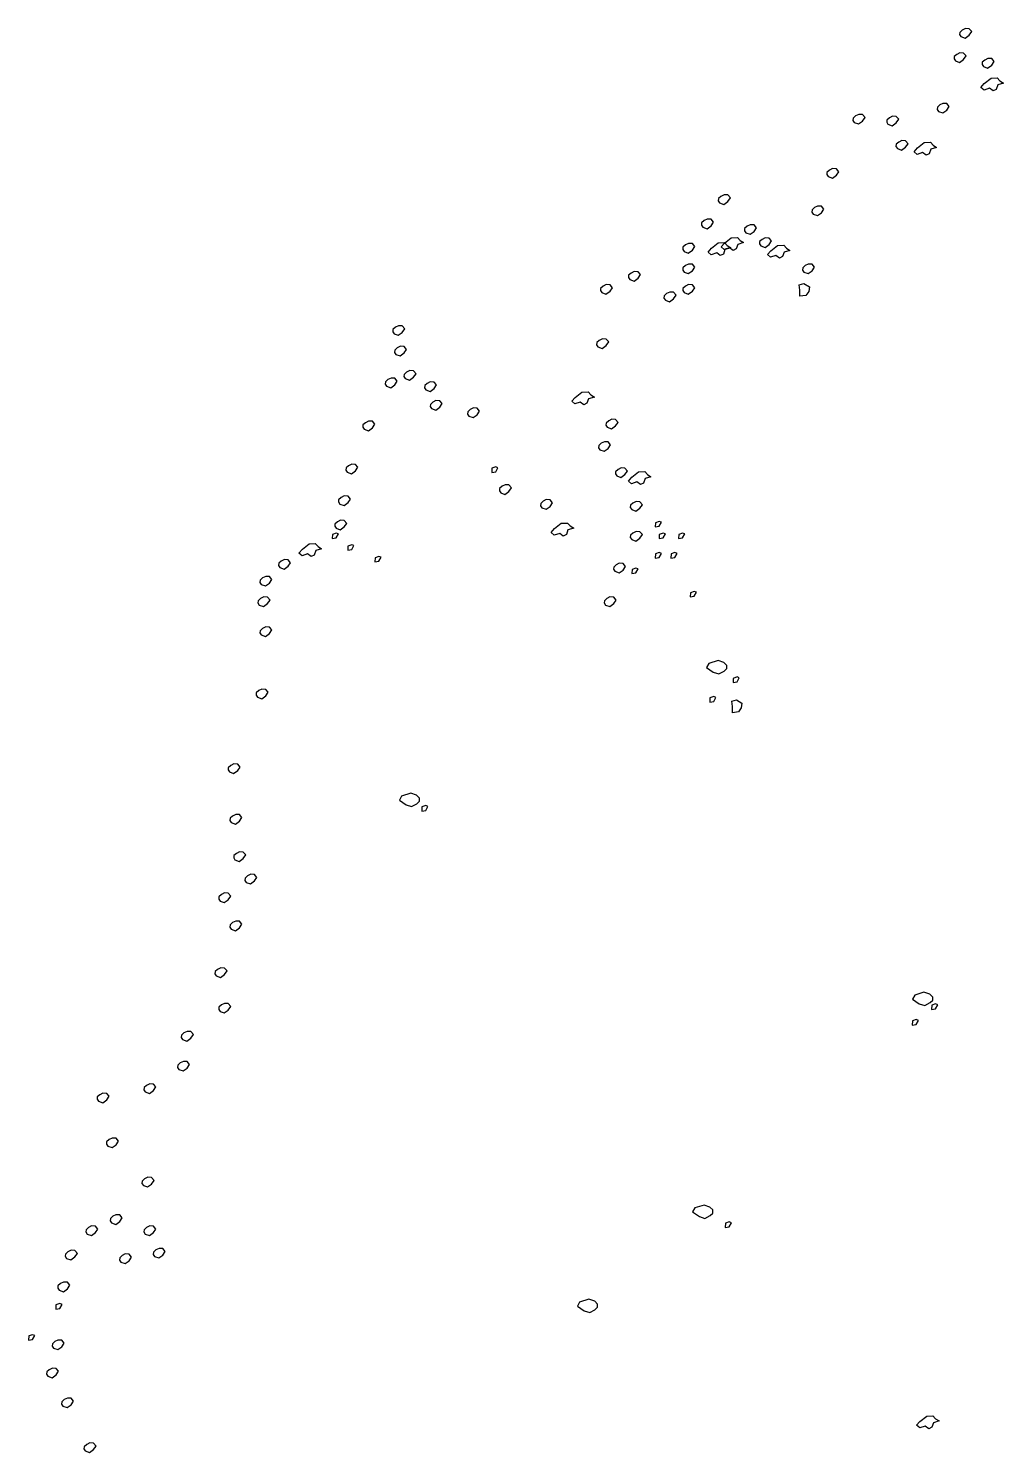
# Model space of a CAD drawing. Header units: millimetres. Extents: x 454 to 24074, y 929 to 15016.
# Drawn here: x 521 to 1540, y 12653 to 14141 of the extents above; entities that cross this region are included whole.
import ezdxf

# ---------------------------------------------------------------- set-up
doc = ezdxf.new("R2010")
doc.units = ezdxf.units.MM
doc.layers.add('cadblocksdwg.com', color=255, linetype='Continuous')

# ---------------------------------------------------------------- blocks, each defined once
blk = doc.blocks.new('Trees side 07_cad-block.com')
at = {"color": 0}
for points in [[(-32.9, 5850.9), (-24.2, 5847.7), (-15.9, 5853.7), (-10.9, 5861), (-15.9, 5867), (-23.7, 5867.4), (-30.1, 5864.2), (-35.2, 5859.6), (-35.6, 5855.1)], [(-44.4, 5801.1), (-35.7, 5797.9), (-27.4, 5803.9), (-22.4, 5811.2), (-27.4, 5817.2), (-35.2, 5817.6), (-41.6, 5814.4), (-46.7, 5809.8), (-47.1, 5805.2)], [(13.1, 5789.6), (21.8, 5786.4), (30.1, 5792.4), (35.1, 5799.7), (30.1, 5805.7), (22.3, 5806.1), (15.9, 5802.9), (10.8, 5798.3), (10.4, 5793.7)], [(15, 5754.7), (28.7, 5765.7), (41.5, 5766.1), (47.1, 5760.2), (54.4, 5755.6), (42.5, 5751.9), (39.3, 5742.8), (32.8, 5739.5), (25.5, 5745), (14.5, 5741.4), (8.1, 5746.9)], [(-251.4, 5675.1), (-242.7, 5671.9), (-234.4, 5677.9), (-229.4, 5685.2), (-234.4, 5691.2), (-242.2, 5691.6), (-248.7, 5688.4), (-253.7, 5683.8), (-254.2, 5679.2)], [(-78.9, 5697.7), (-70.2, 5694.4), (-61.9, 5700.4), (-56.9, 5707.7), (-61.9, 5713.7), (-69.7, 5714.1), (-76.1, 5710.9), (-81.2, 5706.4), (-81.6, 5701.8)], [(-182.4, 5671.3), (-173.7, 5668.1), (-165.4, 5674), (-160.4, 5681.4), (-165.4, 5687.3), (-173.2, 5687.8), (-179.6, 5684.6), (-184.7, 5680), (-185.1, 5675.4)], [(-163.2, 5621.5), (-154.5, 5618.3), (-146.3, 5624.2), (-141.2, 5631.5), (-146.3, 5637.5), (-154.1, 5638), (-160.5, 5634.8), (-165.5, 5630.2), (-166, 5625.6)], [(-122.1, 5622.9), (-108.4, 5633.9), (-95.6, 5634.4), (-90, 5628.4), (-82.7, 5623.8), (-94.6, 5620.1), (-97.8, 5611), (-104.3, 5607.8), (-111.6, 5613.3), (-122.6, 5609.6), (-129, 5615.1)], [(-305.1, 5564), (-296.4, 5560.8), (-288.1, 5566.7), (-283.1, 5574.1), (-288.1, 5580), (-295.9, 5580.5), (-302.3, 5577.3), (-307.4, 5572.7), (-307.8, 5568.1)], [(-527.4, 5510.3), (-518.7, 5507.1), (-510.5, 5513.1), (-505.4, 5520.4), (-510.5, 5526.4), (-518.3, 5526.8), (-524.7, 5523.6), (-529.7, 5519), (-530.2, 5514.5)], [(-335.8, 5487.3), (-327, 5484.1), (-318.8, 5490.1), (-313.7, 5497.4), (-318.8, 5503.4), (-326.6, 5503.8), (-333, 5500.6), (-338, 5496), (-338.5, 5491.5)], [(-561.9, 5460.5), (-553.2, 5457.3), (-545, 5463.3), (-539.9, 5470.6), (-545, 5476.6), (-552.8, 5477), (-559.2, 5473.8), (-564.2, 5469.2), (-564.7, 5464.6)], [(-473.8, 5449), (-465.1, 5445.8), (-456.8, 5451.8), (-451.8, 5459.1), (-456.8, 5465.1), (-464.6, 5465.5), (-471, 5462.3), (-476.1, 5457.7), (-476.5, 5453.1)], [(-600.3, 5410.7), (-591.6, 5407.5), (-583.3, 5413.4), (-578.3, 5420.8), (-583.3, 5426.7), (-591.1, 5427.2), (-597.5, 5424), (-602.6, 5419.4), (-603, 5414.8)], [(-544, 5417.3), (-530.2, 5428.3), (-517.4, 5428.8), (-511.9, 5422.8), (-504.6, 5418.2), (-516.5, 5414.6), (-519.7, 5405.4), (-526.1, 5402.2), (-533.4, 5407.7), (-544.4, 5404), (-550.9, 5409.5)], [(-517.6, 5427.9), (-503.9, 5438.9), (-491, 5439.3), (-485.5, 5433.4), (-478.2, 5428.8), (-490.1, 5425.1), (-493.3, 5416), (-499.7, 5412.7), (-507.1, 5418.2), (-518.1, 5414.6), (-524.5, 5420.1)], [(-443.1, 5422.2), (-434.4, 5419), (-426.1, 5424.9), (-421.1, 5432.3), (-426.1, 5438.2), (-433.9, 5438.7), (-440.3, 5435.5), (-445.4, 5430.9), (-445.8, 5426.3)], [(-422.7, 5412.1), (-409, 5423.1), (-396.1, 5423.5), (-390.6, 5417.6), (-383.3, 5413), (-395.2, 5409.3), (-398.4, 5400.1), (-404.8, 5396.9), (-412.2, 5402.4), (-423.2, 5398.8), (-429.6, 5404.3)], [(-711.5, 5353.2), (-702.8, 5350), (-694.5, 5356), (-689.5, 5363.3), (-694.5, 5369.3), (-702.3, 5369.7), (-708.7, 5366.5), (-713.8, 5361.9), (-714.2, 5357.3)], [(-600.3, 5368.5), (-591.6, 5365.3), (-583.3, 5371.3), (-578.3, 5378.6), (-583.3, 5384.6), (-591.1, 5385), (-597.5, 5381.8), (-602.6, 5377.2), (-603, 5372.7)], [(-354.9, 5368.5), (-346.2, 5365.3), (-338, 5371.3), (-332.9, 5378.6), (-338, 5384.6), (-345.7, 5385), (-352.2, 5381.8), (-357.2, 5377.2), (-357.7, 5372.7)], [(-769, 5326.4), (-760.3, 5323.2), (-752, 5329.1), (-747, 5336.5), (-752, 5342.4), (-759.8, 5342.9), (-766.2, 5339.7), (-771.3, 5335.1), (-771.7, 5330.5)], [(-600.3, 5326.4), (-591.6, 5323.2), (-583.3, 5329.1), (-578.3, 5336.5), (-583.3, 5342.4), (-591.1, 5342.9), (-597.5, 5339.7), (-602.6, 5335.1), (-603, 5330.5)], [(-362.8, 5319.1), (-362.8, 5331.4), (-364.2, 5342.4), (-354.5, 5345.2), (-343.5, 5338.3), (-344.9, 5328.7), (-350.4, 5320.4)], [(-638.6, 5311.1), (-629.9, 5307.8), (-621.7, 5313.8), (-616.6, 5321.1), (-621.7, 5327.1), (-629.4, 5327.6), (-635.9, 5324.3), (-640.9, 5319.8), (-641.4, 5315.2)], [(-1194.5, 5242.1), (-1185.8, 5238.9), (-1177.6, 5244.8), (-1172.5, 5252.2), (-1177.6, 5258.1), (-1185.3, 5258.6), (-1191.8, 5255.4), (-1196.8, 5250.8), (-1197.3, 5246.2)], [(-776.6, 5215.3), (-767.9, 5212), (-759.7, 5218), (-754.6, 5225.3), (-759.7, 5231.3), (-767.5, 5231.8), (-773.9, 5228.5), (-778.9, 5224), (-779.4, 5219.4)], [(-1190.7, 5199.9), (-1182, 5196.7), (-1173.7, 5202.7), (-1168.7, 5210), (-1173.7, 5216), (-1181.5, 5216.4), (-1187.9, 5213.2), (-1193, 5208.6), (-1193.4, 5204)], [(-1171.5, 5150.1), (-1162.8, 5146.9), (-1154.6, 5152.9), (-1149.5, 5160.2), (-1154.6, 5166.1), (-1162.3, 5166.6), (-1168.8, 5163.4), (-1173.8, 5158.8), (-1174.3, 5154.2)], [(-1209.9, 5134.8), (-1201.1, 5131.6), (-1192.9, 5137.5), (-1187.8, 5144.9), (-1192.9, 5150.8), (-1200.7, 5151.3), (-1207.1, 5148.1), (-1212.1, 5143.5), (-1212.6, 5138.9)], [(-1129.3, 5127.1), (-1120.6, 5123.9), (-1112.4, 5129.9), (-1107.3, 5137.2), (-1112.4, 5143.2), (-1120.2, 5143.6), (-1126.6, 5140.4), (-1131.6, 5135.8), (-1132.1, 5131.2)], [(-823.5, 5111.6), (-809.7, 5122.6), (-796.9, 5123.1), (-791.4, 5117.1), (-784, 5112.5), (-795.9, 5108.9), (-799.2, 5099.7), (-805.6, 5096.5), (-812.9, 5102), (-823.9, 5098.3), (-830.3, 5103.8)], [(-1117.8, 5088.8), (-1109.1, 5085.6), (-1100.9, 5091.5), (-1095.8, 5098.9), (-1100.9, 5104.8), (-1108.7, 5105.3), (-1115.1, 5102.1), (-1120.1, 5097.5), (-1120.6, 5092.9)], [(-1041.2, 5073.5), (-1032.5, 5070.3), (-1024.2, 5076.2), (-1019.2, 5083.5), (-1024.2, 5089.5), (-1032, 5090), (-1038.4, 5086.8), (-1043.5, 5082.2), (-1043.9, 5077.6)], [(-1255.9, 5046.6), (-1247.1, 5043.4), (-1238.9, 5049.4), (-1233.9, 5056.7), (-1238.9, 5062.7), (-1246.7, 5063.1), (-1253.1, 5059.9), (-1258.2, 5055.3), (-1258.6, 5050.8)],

▸ Work task: Identify each line in the records above containing the word "units"; copy those lines.

▸ Worked solution:
# Model space of a CAD drawing. Header units: millimetres. Extents: x 454 to 24074, y 929 to 15016.
doc.units = ezdxf.units.MM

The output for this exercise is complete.